Launched in 2017 as part of an Irish government pilot scheme, and now a permanent one, artists can receive jobseeker's allowance as artists, with the VAI and the Irish Writers Centre officially determining eligibility. The VAI welcomed this move and reported that an important additional gain was that "it grants professional status, which in turn recognizes the special circumstances that artists encounter in their search for commissions and employment."

== Bibliography ==
- Maharaj, Sarat (Editor). Farewell to Post-Colonialism, Printed Project v. 11. Dublin, Ireland: Visual Artists Ireland, 2009.
- Kelly, Noel, Niamh Looney, and Jason Oakley. The Manual: A Survival Guide for Visual Artists. Dublin: Visual Artists Ireland, 2015. ISBN 9781907683138
- Kelly, Noel, and Sean Kissane. Creative Ireland: the visual arts, contemporary visual arts in Ireland 2000-2011. Dublin: Visual Artists Ireland / Printed Project, 2011. ISBN 9781907683114
- MacDonagh, Eileen. Meitheal: Sculpture Symposia Ireland. Dublin, Ireland: Sculptors Society of Ireland, 1988. ISBN 9780946549108
- Mirza, Munira (Editor). Artistic Freedom Anxiety and Aspiration, Printed Project v. 8. Dublin, Ireland: Visual Artists Ireland, 2008.

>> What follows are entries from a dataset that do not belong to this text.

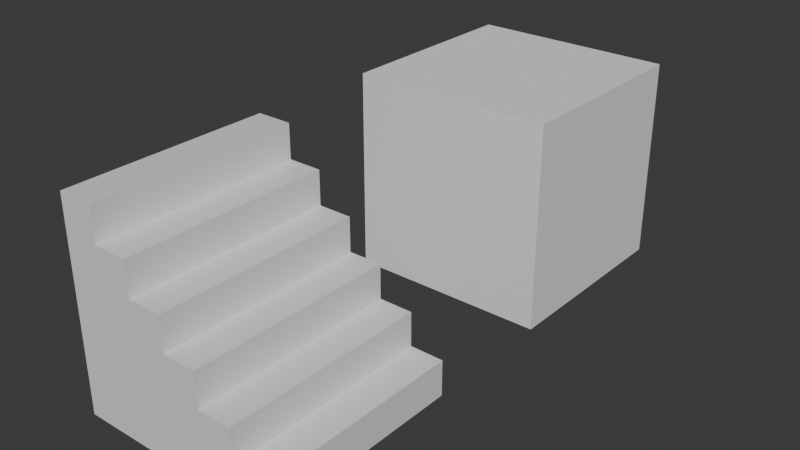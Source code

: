 # Source: tiles.blend  (saved by Blender 4.5.91; exported with 4.5.12 LTS)
import bpy
from mathutils import Matrix  # noqa: F401  (used for matrix-valued properties, if any)

bpy.ops.wm.read_factory_settings(use_empty=True)
scene = bpy.context.scene
scene.name = 'Scene'

# ---- collections
col_collection = bpy.data.collections.new('Collection'); scene.collection.children.link(col_collection)

# ---- materials (node trees are filled in below, after node groups)
mat_material = bpy.data.materials.new('Material')
mat_material.alpha_threshold = 0.0
mat_material.roughness = 0.5
mat_material.line_color = (0.0, 0.0, 0.0, 1.0)

# ---- material node trees
mat_material.use_nodes = True; mat_material.node_tree.nodes.clear()
_N = mat_material.node_tree.nodes; _L = mat_material.node_tree.links
n0 = _N.new('ShaderNodeOutputMaterial'); n0.name = 'Material Output'; n0.location = (200, 100)
n1 = _N.new('ShaderNodeBsdfPrincipled'); n1.name = 'Principled BSDF'; n1.location = (-200, 100)
n1.inputs[3].default_value = 1.45
_L.new(n1.outputs[0], n0.inputs[0])
n0.is_active_output = True

# ---- world
world_world = bpy.data.worlds.new('World'); scene.world = world_world
world_world.use_nodes = True; world_world.node_tree.nodes.clear()
_N = world_world.node_tree.nodes; _L = world_world.node_tree.links
n0 = _N.new('ShaderNodeOutputWorld'); n0.name = 'World Output'; n0.location = (200, 100)
n1 = _N.new('ShaderNodeBackground'); n1.name = 'Background'; n1.location = (-200, 100)
n1.inputs[0].default_value = (0.05088, 0.05088, 0.05088, 1.0)
_L.new(n1.outputs[0], n0.inputs[0])
n0.is_active_output = True
world_world.color = (0.05088, 0.05088, 0.05088)
world_world.sun_shadow_jitter_overblur = 0.0

# ---- meshes
me_cube = bpy.data.meshes.new('Cube')
me_cube.from_pydata([(1.0, 1.0, -1.0), (1.0, -1.0, -1.0), (-1.0, 1.0, 1.0), (-1.0, 1.0, -1.0), (-1.0, -1.0, 1.0), (-1.0, -1.0, -1.0), (-0.6534, 1.0, 1.0), (1.0, 1.0, -0.6534), (-0.6534, 1.0, 0.6693), (-0.3227, 1.0, 0.6693), (-0.3227, 1.0, 0.3386), (0.007969, 1.0, 0.3386), (0.007969, 1.0, 0.00797), (0.3386, 1.0, 0.00797), (0.3386, 1.0, -0.3227), (0.6693, 1.0, -0.3227), (0.6693, 1.0, -0.6534), (1.0, -1.0, -0.6534), (-0.6534, -1.0, 1.0), (0.6693, -1.0, -0.6534), (0.6693, -1.0, -0.3227), (0.3386, -1.0, -0.3227), (0.3386, -1.0, 0.00797), (0.007969, -1.0, 0.00797), (0.007969, -1.0, 0.3386), (-0.3227, -1.0, 0.3386), (-0.3227, -1.0, 0.6693), (-0.6534, -1.0, 0.6693)], [], [(5, 4, 2, 3), (3, 0, 1, 5), (6, 18, 27, 8), (8, 27, 26, 9), (9, 26, 25, 10), (10, 25, 24, 11), (11, 24, 23, 12), (12, 23, 22, 13), (13, 22, 21, 14), (14, 21, 20, 15), (15, 20, 19, 16), (16, 19, 17, 7), (3, 2, 6, 8, 9, 10, 11, 12, 13, 14, 15, 16, 7, 0), (0, 7, 17, 1), (6, 2, 4, 18), (1, 17, 19, 20, 21, 22, 23, 24, 25, 26, 27, 18, 4, 5)])
_uv = me_cube.uv_layers.new(name='UVMap')
_uv.uv.foreach_set('vector', [0.375, 0.0, 0.625, 0.0, 0.625, 0.25, 0.375, 0.25, 0.125, 0.5, 0.375, 0.5, 0.375, 0.75, 0.125, 0.75, 0.7004, 0.3687, 0.7004, 0.8813, 0.6727, 0.8824, 0.6727, 0.3676, 0.6727, 0.3676, 0.6727, 0.8824, 0.6579, 0.856, 0.6579, 0.394, 0.6579, 0.394, 0.6579, 0.856, 0.6314, 0.856, 0.6314, 0.394, 0.6314, 0.394, 0.6314, 0.856, 0.6166, 0.8295, 0.6166, 0.4205, 0.6166, 0.4205, 0.6166, 0.8295, 0.5455, 0.8295, 0.5455, 0.4205, 0.5455, 0.4205, 0.5455, 0.8295, 0.501, 0.803, 0.501, 0.447, 0.501, 0.447, 0.501, 0.803, 0.4597, 0.803, 0.4597, 0.447, 0.4597, 0.447, 0.4597, 0.803, 0.4597, 0.7765, 0.4597, 0.4735, 0.4597, 0.4735, 0.4597, 0.7765, 0.4183, 0.7765, 0.4183, 0.4735, 0.4183, 0.4735, 0.4183, 0.7765, 0.4183, 0.75, 0.4183, 0.5, 0.375, 0.25, 0.625, 0.25, 0.7004, 0.3687, 0.6727, 0.3676, 0.6579, 0.394, 0.6314, 0.394, 0.6166, 0.4205, 0.5455, 0.4205, 0.501, 0.447, 0.4597, 0.447, 0.4597, 0.4735, 0.4183, 0.4735, 0.4183, 0.5, 0.375, 0.5, 0.375, 0.5, 0.4183, 0.5, 0.4183, 0.75, 0.375, 0.75, 0.7004, 0.3687, 0.875, 0.5, 0.875, 0.75, 0.7004, 0.8813, 0.375, 0.75, 0.4183, 0.75, 0.4183, 0.7765, 0.4597, 0.7765, 0.4597, 0.803, 0.501, 0.803, 0.5455, 0.8295, 0.6166, 0.8295, 0.6314, 0.856, 0.6579, 0.856, 0.6727, 0.8824, 0.7004, 0.8813, 0.625, 1.0, 0.375, 1.0])
me_cube.materials.append(mat_material)
me_cube.use_mirror_vertex_groups = False
me_cube.update()
me_cube_001 = bpy.data.meshes.new('Cube.001')
me_cube_001.from_pydata([(-1.0, -1.0, -1.0), (-1.0, -1.0, 1.0), (-1.0, 1.0, -1.0), (-1.0, 1.0, 1.0), (1.0, -1.0, -1.0), (1.0, -1.0, 1.0), (1.0, 1.0, -1.0), (1.0, 1.0, 1.0)], [], [(0, 1, 3, 2), (2, 3, 7, 6), (6, 7, 5, 4), (4, 5, 1, 0), (2, 6, 4, 0), (7, 3, 1, 5)])
_uv = me_cube_001.uv_layers.new(name='UVMap')
_uv.uv.foreach_set('vector', [0.375, 0.0, 0.625, 0.0, 0.625, 0.25, 0.375, 0.25, 0.375, 0.25, 0.625, 0.25, 0.625, 0.5, 0.375, 0.5, 0.375, 0.5, 0.625, 0.5, 0.625, 0.75, 0.375, 0.75, 0.375, 0.75, 0.625, 0.75, 0.625, 1.0, 0.375, 1.0, 0.125, 0.5, 0.375, 0.5, 0.375, 0.75, 0.125, 0.75, 0.625, 0.5, 0.875, 0.5, 0.875, 0.75, 0.625, 0.75])
me_cube_001.update()

# ---- objects
ob_cube = bpy.data.objects.new('Cube', me_cube)
ob_cube_001 = bpy.data.objects.new('Cube.001', me_cube_001)

# ---- transforms, parenting, visibility, modifiers, constraints
ob_cube.location = (0.0, 0.0, 0.0)
ob_cube.lock_rotations_4d = False
ob_cube.empty_display_type = 'ARROWS'
ob_cube.lineart.crease_threshold = 0.0
ob_cube_001.location = (0.0, 3.319, 0.0)

# ---- collection membership
col_collection.objects.link(ob_cube)
col_collection.objects.link(ob_cube_001)

# ---- scene / render settings (as saved in the file)
scene.frame_start = 1; scene.frame_end = 250; scene.frame_set(1)
scene.render.engine = 'BLENDER_EEVEE_NEXT'
bpy.context.view_layer.update()

# ---- added for rendering (the .blend has no active camera and no usable light): camera, sun
cam_auto = bpy.data.cameras.new('AutoCamera')
cam_auto.lens = 50.0
cam_auto.sensor_width = 36.0
cam_auto.clip_end = 1000.0
ob_auto_camera = bpy.data.objects.new('AutoCamera', cam_auto)
scene.collection.objects.link(ob_auto_camera)
ob_auto_camera.location = (5.5735, -5.02888, 4.4588)
ob_auto_camera.rotation_euler = (1.09748, -7.21219e-08, 0.694738)
scene.camera = ob_auto_camera
light_auto_sun = bpy.data.lights.new('AutoSun', 'SUN')
light_auto_sun.energy = 3.0
light_auto_sun.angle = 0.0523599
ob_auto_sun = bpy.data.objects.new('AutoSun', light_auto_sun)
scene.collection.objects.link(ob_auto_sun)
ob_auto_sun.rotation_euler = (0.872665, 0.174533, 0.523599)
bpy.context.view_layer.update()

- A City Guide to Sculpture in Dublin. Dublin: Sculptors Society of Ireland, 1999. ISBN 9780946549153
- Shaw, Lytle (Editor). The Conceptual North Pole, Printed Project v. 14. Dublin, Ireland: Visual Artists Ireland, 2010. ISBN 9781907683107
- Vidokle, Anton and Tirdad Zolghadr (Editors). I Can't Work Like This, Printed Project v. 6. Dublin, Ireland: Visual Artists Ireland, 2007.